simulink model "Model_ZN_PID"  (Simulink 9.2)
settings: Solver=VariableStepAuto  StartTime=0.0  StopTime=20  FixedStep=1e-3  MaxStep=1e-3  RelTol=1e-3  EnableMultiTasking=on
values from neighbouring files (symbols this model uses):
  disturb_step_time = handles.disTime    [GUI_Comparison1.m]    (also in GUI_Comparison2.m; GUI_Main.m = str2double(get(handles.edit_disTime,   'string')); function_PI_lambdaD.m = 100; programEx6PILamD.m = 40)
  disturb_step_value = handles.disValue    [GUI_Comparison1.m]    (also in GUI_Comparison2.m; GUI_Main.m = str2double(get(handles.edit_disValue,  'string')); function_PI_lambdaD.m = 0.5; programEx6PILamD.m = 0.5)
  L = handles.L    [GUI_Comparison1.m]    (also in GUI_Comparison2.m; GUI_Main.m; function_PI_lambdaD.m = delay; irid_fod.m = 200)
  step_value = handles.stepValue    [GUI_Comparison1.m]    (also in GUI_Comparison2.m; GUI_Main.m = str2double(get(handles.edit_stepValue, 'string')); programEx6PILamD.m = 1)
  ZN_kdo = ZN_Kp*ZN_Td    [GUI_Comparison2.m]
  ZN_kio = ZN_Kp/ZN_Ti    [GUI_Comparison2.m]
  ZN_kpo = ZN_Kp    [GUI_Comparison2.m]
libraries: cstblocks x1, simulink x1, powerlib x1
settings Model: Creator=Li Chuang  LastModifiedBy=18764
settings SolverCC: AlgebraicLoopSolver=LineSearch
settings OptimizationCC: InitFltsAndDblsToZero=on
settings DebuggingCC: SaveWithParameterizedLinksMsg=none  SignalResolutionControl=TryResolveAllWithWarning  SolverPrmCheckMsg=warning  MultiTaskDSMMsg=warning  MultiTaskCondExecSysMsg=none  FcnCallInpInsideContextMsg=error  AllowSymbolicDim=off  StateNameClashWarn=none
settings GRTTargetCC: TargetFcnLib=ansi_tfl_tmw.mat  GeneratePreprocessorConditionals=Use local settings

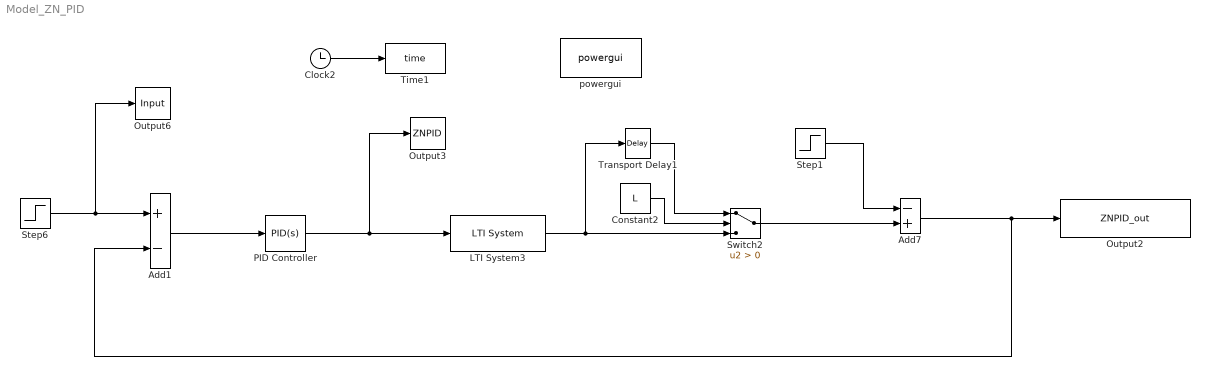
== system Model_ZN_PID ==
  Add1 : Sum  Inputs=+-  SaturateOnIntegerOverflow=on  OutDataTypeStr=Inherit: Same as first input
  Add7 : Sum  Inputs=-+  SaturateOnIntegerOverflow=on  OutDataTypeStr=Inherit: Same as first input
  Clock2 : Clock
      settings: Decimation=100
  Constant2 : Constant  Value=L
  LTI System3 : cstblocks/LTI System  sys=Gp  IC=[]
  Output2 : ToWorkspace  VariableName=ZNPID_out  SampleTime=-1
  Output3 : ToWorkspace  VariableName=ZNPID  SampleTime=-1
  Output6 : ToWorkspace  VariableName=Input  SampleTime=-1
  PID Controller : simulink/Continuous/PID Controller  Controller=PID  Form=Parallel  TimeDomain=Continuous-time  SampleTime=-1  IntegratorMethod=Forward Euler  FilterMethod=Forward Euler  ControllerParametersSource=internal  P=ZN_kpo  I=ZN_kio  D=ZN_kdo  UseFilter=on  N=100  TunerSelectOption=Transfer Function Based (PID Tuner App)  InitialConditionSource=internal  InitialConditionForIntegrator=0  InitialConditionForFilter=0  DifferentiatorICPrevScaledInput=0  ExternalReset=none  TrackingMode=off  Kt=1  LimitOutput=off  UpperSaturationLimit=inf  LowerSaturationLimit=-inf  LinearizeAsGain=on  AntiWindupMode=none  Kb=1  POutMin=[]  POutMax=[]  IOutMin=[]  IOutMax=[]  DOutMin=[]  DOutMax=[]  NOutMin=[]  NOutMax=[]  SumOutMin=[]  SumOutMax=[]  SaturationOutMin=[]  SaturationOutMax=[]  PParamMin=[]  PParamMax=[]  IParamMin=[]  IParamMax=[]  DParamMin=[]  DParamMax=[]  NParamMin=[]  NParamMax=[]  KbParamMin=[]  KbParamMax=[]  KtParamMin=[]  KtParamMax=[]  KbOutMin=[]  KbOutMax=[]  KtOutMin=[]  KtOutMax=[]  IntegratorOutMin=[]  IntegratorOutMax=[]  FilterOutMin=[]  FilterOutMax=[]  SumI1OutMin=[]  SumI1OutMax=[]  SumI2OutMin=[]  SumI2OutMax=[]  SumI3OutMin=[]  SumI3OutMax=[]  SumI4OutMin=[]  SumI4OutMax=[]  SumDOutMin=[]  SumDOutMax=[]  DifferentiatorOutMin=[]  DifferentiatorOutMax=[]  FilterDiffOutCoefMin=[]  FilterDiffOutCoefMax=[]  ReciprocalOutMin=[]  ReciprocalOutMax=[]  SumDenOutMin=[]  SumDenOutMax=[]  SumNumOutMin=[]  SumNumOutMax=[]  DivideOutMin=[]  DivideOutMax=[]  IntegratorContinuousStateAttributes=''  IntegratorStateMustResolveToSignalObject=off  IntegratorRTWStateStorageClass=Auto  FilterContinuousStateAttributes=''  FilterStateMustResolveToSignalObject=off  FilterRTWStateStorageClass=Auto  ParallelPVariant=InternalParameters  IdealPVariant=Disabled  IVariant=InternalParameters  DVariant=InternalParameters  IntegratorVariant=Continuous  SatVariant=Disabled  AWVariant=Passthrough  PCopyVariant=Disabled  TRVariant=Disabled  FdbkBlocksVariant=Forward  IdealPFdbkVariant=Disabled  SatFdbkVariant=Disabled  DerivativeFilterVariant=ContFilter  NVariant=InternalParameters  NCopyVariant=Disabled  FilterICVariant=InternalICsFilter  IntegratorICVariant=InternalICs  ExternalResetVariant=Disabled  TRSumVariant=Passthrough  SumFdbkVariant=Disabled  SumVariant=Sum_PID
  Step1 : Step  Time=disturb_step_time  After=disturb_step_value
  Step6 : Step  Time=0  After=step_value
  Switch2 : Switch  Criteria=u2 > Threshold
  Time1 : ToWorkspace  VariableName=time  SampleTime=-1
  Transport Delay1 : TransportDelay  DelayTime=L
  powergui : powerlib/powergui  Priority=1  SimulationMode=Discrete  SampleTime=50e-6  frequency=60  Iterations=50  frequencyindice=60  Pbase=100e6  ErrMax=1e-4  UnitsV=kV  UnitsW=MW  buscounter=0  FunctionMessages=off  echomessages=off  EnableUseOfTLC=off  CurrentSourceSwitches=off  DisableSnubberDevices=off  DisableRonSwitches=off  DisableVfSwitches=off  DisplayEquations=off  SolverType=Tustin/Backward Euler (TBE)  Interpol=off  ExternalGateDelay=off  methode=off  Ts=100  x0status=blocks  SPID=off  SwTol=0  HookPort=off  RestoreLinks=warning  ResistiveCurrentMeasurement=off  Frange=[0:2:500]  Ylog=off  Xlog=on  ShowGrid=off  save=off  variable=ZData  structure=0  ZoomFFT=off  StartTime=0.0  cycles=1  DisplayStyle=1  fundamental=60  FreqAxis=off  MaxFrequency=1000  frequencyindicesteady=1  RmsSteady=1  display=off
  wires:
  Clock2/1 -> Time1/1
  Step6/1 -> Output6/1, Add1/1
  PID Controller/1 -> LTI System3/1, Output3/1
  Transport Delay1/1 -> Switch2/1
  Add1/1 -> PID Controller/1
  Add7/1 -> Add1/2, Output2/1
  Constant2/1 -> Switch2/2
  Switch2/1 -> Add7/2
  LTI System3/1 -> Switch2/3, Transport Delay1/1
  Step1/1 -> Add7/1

::::

* Work required *
Each line above that contains "SaturateOnIntegerOverflow" must be copied out.

* Expected output *
  Add1 : Sum  Inputs=+-  SaturateOnIntegerOverflow=on  OutDataTypeStr=Inherit: Same as first input
  Add7 : Sum  Inputs=-+  SaturateOnIntegerOverflow=on  OutDataTypeStr=Inherit: Same as first input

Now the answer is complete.